Relient K chronology
| Forget and Not Slow Down (2009) | Is for Karaoke (2011) | Collapsible Lung (2013) |

= Is for Karaoke =

Is for Karaoke (also known as Relient K Is for Karaoke) is a 2011 cover album by American rock band Relient K. The first seven songs were released on June 28, as Is for Karaoke EP, and on October 4, the remaining songs were released as Is for Karaoke Pt. 2 EP, concurrently with the full-length album.

==Background==
The group began posting pictures on their Facebook to reveal tracks from a forthcoming covers EP. On June 14, 2011, Alternative Press reported the EP would be called Is for Karaoke and displayed the album artwork. The first part, Is for Karaoke EP, was made available for download on June 28. According to guitarist Matt Hoopes, the group always wanted to do a cover album, as they've performed cover songs in their concerts in the past. The seven track EP sees the band covering a wide variety of music ranging from the '80s such as "Girls Just Want To Have Fun", "Surf Wax America" and "Crazy", to the 2010s such as "Baby", which Hoopes said was intentional. Drummer Ethan Luck said the reasoning behind the group's decision to record a cover of "Baby" by Justin Bieber was because Hoopes has a daughter and it was her favorite song, which she wanted them to record.

In September 2011, the band announced a full-length release for Is for Karaoke. Expanded to 14 tracks, the full-length release sees the group covering songs from bands such as Third Eye Blind and Toto. On October 1, the band streamed Is for Karaoke EP, Part 2 on their MySpace page. On October 4, the second EP was officially released, along with the full-length album, Is for Karaoke, which features all the tracks from both EPs.
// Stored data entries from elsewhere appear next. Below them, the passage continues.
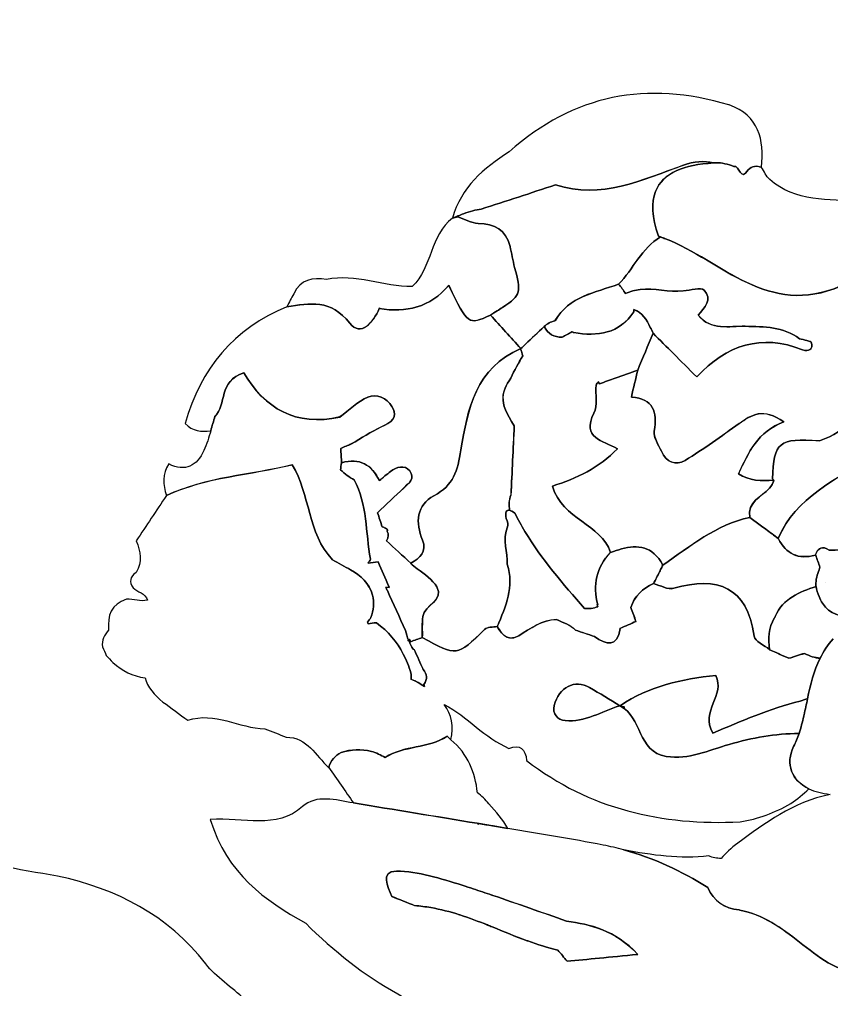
# Model space of a CAD drawing. Extents: x 13.9 to 53.9, y 84.3 to 109.3.
# Drawn here: x 34.71 to 41.77, y 91.14 to 99.57 of the extents above; entities that cross this region are included whole.
import ezdxf

# ---------------------------------------------------------------- set-up
doc = ezdxf.new("R2010")
doc.units = 0
doc.layers.add('Layer_1', color=7, linetype='CONTINUOUS')

msp = doc.modelspace()

# ---------------------------------------------------------------- linework, layer by layer
at = {"layer": 'Layer_1', "color": 4}
for points in [[(38.520229, 97.857845), (38.471898, 97.846217)], [(37.032918, 97.076456), (37.032636, 97.076174)], [(37.836263, 97.060299), (37.835981, 97.060299), (37.83917, 97.06631)], [(39.067938, 96.712008), (39.065398, 96.709468)], [(41.628568, 94.917391), (41.631757, 94.915698)], [(41.718089, 94.676881), (41.718371, 94.676881), (41.717807, 94.675752), (41.717807, 94.675752)], [(39.9318, 94.280856), (39.932364, 94.280009)], [(40.069101, 94.341181), (40.068819, 94.340052)], [(35.482708, 94.266928), (35.482708, 94.265517)], [(39.930671, 93.607403), (39.930953, 93.607121)], [(37.396174, 93.07207), (37.396457, 93.07207)]]:
    msp.add_lwpolyline(points, dxfattribs=at)
at = {"layer": 'Layer_1', "color": 6}
for points in [[(38.472006, 97.846401), (38.519983, 97.85769)], [(39.065375, 96.709483), (39.067915, 96.712023)], [(38.110123, 94.847239), (38.109559, 94.843373)], [(38.697851, 92.575633), (38.697851, 92.584099)], [(40.967341, 91.832618), (40.970869, 91.830924)]]:
    msp.add_lwpolyline(points, dxfattribs=at)
at = {"layer": 'Layer_1', "color": 3}
for points in [[(39.916966, 97.271613), (39.917249, 97.271613)], [(37.032599, 97.075976), (37.032599, 97.076259)], [(40.610457, 97.002105), (40.610457, 97.00154)], [(41.268388, 95.569968), (41.256054, 95.579479)], [(41.147492, 95.17832), (41.058945, 95.244642)], [(41.63187, 94.915571), (41.628681, 94.917264)], [(41.279473, 94.383525), (41.279473, 94.38409)], [(38.697747, 92.584333), (38.697747, 92.575528)], [(40.971047, 91.830871), (40.967519, 91.832564)]]:
    msp.add_lwpolyline(points, dxfattribs=at)
at = {"layer": 'Layer_1', "color": 5}
for points in [[(39.917336, 97.271618), (39.917054, 97.271618)], [(40.610544, 97.001334), (40.610544, 97.002463)], [(41.256232, 95.579428), (41.268565, 95.569917)], [(41.058663, 95.244656), (41.147563, 95.178334)], [(37.892671, 94.639476), (37.92301, 94.636287)]]:
    msp.add_lwpolyline(points, dxfattribs=at)
at = {"layer": 'Layer_1', "color": 3}
for points in [[(37.838978, 97.066121), (37.835817, 97.06011), (37.835874, 97.06011)], [(37.835874, 97.06011), (37.836156, 97.06011)], [(40.959899, 95.62409), (40.959899, 95.623243), (40.959899, 95.623525)], [(40.959899, 95.623525), (40.960181, 95.623807)]]:
    msp.add_lwpolyline(points, close=True, dxfattribs=at)
at = {"layer": 'Layer_1', "color": 7}
for points in [[(40.960181, 95.623915), (40.959899, 95.623633)], [(38.109277, 94.84311), (38.109841, 94.847344)], [(37.922954, 94.636397), (37.892615, 94.639586)], [(41.279761, 94.384395), (41.279761, 94.383548)]]:
    msp.add_lwpolyline(points, dxfattribs=at)
msp.add_lwpolyline([(41.717877, 94.675685), (41.718442, 94.676814), (41.718159, 94.676814), (41.718159, 94.676814)], close=True, dxfattribs=at)
at = {"layer": 'Layer_1', "color": 5}
msp.add_lwpolyline([(40.069064, 94.34012), (40.069347, 94.341249), (40.069347, 94.341249)], close=True, dxfattribs=at)
at = {"layer": 'Layer_1', "color": 1}
for points in [[(53.866491, 96.762151), (53.866491, 103.665659), (44.916254, 109.261508), (33.875015, 109.261508)], [(33.875015, 84.26169), (44.916254, 84.26169), (53.866491, 89.858642), (53.866491, 96.762151)]]:
    msp.add_open_spline(points, degree=3, dxfattribs=at)
at = {"layer": 'Layer_1', "color": 3}
for points in [[(40.877524, 98.830453), (40.166677, 99.043178), (39.526032, 98.921823), (38.966527, 98.422289)], [(40.878935, 98.830735), (40.878653, 98.830735), (40.878371, 98.830735), (40.877524, 98.830453)], [(41.161228, 98.288657), (41.183806, 98.529604), (41.138989, 98.735626), (40.879006, 98.830876)], [(38.966527, 98.422289), (38.74216, 98.281531), (38.549191, 98.113961), (38.471932, 97.846203)], [(40.481707, 98.306578), (40.573782, 98.339739), (40.661624, 98.345736), (40.743468, 98.325967)], [(39.369399, 98.135128), (39.768743, 98.006717), (40.121521, 98.177814), (40.481707, 98.306578)], [(40.743468, 98.325967), (40.749818, 98.326249), (40.755096, 98.327378), (40.761813, 98.32766)], [(40.761813, 98.32766), (40.816493, 98.327096), (40.868704, 98.316738), (40.92021, 98.295205)], [(40.92021, 98.295205), (40.969246, 98.310021), (40.978771, 98.156563), (41.045093, 98.265571)], [(41.045093, 98.265571), (41.078607, 98.297321), (41.116707, 98.305788), (41.160099, 98.28781)], [(41.160099, 98.28781), (41.160381, 98.28781), (41.160663, 98.288093), (41.161228, 98.288657)], [(38.723816, 97.924167), (38.93901, 97.99437), (39.153499, 98.064573), (39.369399, 98.135128)], [(38.569299, 97.884303), (38.625391, 97.904764), (38.676191, 97.917464), (38.723816, 97.924167)], [(38.471932, 97.846203), (38.504741, 97.859242), (38.536491, 97.871603), (38.569299, 97.884303)], [(40.28315, 97.682952), (40.116639, 97.587349), (40.046436, 97.401435), (39.916966, 97.271613)], [(40.325483, 97.666724), (40.311372, 97.67203), (40.297628, 97.677674), (40.28315, 97.682952)], [(41.8516, 97.256443), (41.216247, 96.981277), (40.816197, 97.474107), (40.325483, 97.666724)], [(38.441593, 97.26189), (38.277904, 97.068921), (38.067649, 97.022707), (37.836227, 97.060101)], [(38.803543, 97.003304), (38.607399, 96.91511), (38.607399, 96.91511), (38.441593, 97.26189)], [(39.917249, 97.271613), (39.940193, 97.246918), (39.960993, 97.219754), (39.977574, 97.189768)], [(40.104221, 97.225752), (40.228399, 97.239157), (40.355399, 97.201057), (40.480635, 97.213419)], [(40.480635, 97.213419), (40.542018, 97.216946), (40.632329, 97.249402), (40.660551, 97.220474)], [(39.977574, 97.189768), (40.019201, 97.210568), (40.061535, 97.221166), (40.104221, 97.225752)], [(40.660551, 97.220474), (40.73781, 97.141452), (40.663741, 97.067721), (40.610457, 97.002105)], [(37.032599, 97.076259), (36.570107, 96.883642), (36.280829, 96.540036), (36.148891, 96.060259)], [(37.579757, 96.933101), (37.415716, 97.14371), (37.234388, 97.105962), (37.032599, 97.075976)], [(37.836156, 97.06011), (37.836721, 97.062085), (37.838132, 97.064343), (37.838978, 97.066121)], [(37.836227, 97.060101), (37.784368, 96.939451), (37.675007, 96.81104), (37.579757, 96.933101)], [(39.067774, 96.71191), (38.979227, 96.809629), (38.891385, 96.906643), (38.803543, 97.003304)], [(40.610457, 97.00154), (40.721582, 96.866426), (40.880685, 96.909818), (41.017915, 96.90629)], [(41.017915, 96.90629), (41.186896, 96.902396), (41.349526, 96.902396), (41.492049, 96.79834)], [(40.21711, 96.84526), (40.173013, 96.738368), (40.128563, 96.632182), (40.084113, 96.525643)], [(40.597051, 96.467435), (40.453118, 96.61031), (40.33529, 96.727785), (40.21711, 96.84526)], [(41.51639, 96.700621), (41.161143, 96.84526), (40.857401, 96.742954), (40.597051, 96.467435)], [(41.492049, 96.79834), (41.528385, 96.785979), (41.591179, 96.780334), (41.596471, 96.760946)], [(41.596471, 96.760946), (41.609171, 96.708029), (41.571071, 96.685099), (41.51639, 96.700621)], [(38.546368, 95.832435), (38.603166, 96.182037), (38.676543, 96.548926), (39.067774, 96.71191)], [(36.407477, 96.123406), (36.511193, 96.224653), (36.436052, 96.42997), (36.657949, 96.502642)], [(36.658019, 96.502684), (36.837231, 96.193298), (37.11275, 96.031726), (37.49375, 96.117451)], [(40.084113, 96.525643), (40.065401, 96.447679), (40.047424, 96.370068), (40.029432, 96.291046)], [(41.664218, 95.91109), (41.909046, 95.991523), (42.034282, 96.164737), (42.084377, 96.413446)], [(37.737519, 96.290312), (37.812661, 96.322768), (37.901208, 96.284301), (37.946717, 96.210231)], [(37.49375, 96.117451), (37.574183, 96.17707), (37.647561, 96.252212), (37.737519, 96.290312)], [(40.029432, 96.291046), (40.220638, 96.275862), (40.255915, 96.164751), (40.228046, 95.99436)], [(37.946717, 96.210231), (38.007394, 96.110748), (37.9365, 96.069473), (37.854289, 96.031726)], [(40.965704, 96.060682), (41.071538, 96.134412), (41.17596, 96.204262), (41.355876, 96.074793)], [(36.148891, 96.060259), (36.212038, 95.9957), (36.289296, 95.986528), (36.371141, 95.997817)], [(36.371141, 95.997817), (36.382768, 96.039797), (36.394424, 96.082131), (36.407477, 96.123406)], [(40.495804, 95.740712), (40.658435, 95.838079), (40.810482, 95.952026), (40.965704, 96.060682)], [(41.355876, 96.074793), (41.126924, 95.993654), (41.046843, 95.806329), (40.96006, 95.623943)], [(37.854289, 96.031726), (37.764683, 95.989745), (37.680017, 95.934359), (37.593233, 95.883559)], [(40.228046, 95.99436), (40.219241, 95.94109), (40.265088, 95.876532), (40.289782, 95.819382)], [(37.593233, 95.883559), (37.562189, 95.870859), (37.532556, 95.858498), (37.500806, 95.845106)], [(41.256054, 95.579479), (41.266271, 95.898037), (41.312146, 95.936137), (41.664218, 95.91109)], [(37.500806, 95.845106), (37.503628, 95.802773), (37.50645, 95.76044), (37.509272, 95.719165)], [(38.311418, 95.43309), (38.484279, 95.524812), (38.516382, 95.649343), (38.546368, 95.832435)], [(40.289782, 95.819382), (40.33141, 95.724837), (40.413607, 95.692382), (40.495804, 95.740712)], [(37.509272, 95.719165), (37.664847, 95.764673), (37.769975, 95.704009), (37.838061, 95.564295)], [(37.838061, 95.564295), (37.869811, 95.59074), (37.900503, 95.619681), (37.934722, 95.64367)], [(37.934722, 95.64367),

Is for Karaoke was produced by Mark Lee Townsend and Matt Thiessen. It was recorded at Dark Horse Studio in Franklin, Tennessee, and at S-S-Studio in Spring Hill, Tennessee.

==Critical reception==

The album was met with positive reviews from music critics. Matt Collar of AllMusic said the album was "melodic, eminently listenable recordings that make the most of the original song while never losing Relient K's own punk-pop sound." Graeme Crawford of Cross Rhythms stated, "the vocals on K Is for Karaokes eclectic mix of songs are well handled by Matthew Thiessen, even if listeners may struggle with some of the song selections." Kaj Roth of Melodic wrote, "Some songs work out fine on K Is for Karaoke like 'Girls Just Want to Have Fun' (Cyndi Lauper), 'Baby' (Justin Bieber), 'You're the Inspiration' (Chicago), 'Crazy' (Gnarls Barkley), 'Here Comes My Girl' (Tom Petty) and 'Africa' (Toto) but their versions of 'The Distance' (Cake), 'Interstate Love Song' (Stone Temple Pilots), 'Doctor Worm' (They Might be Giants) and 'Inside of Love' (Nada Surf) are more or less quite anonymous and grey."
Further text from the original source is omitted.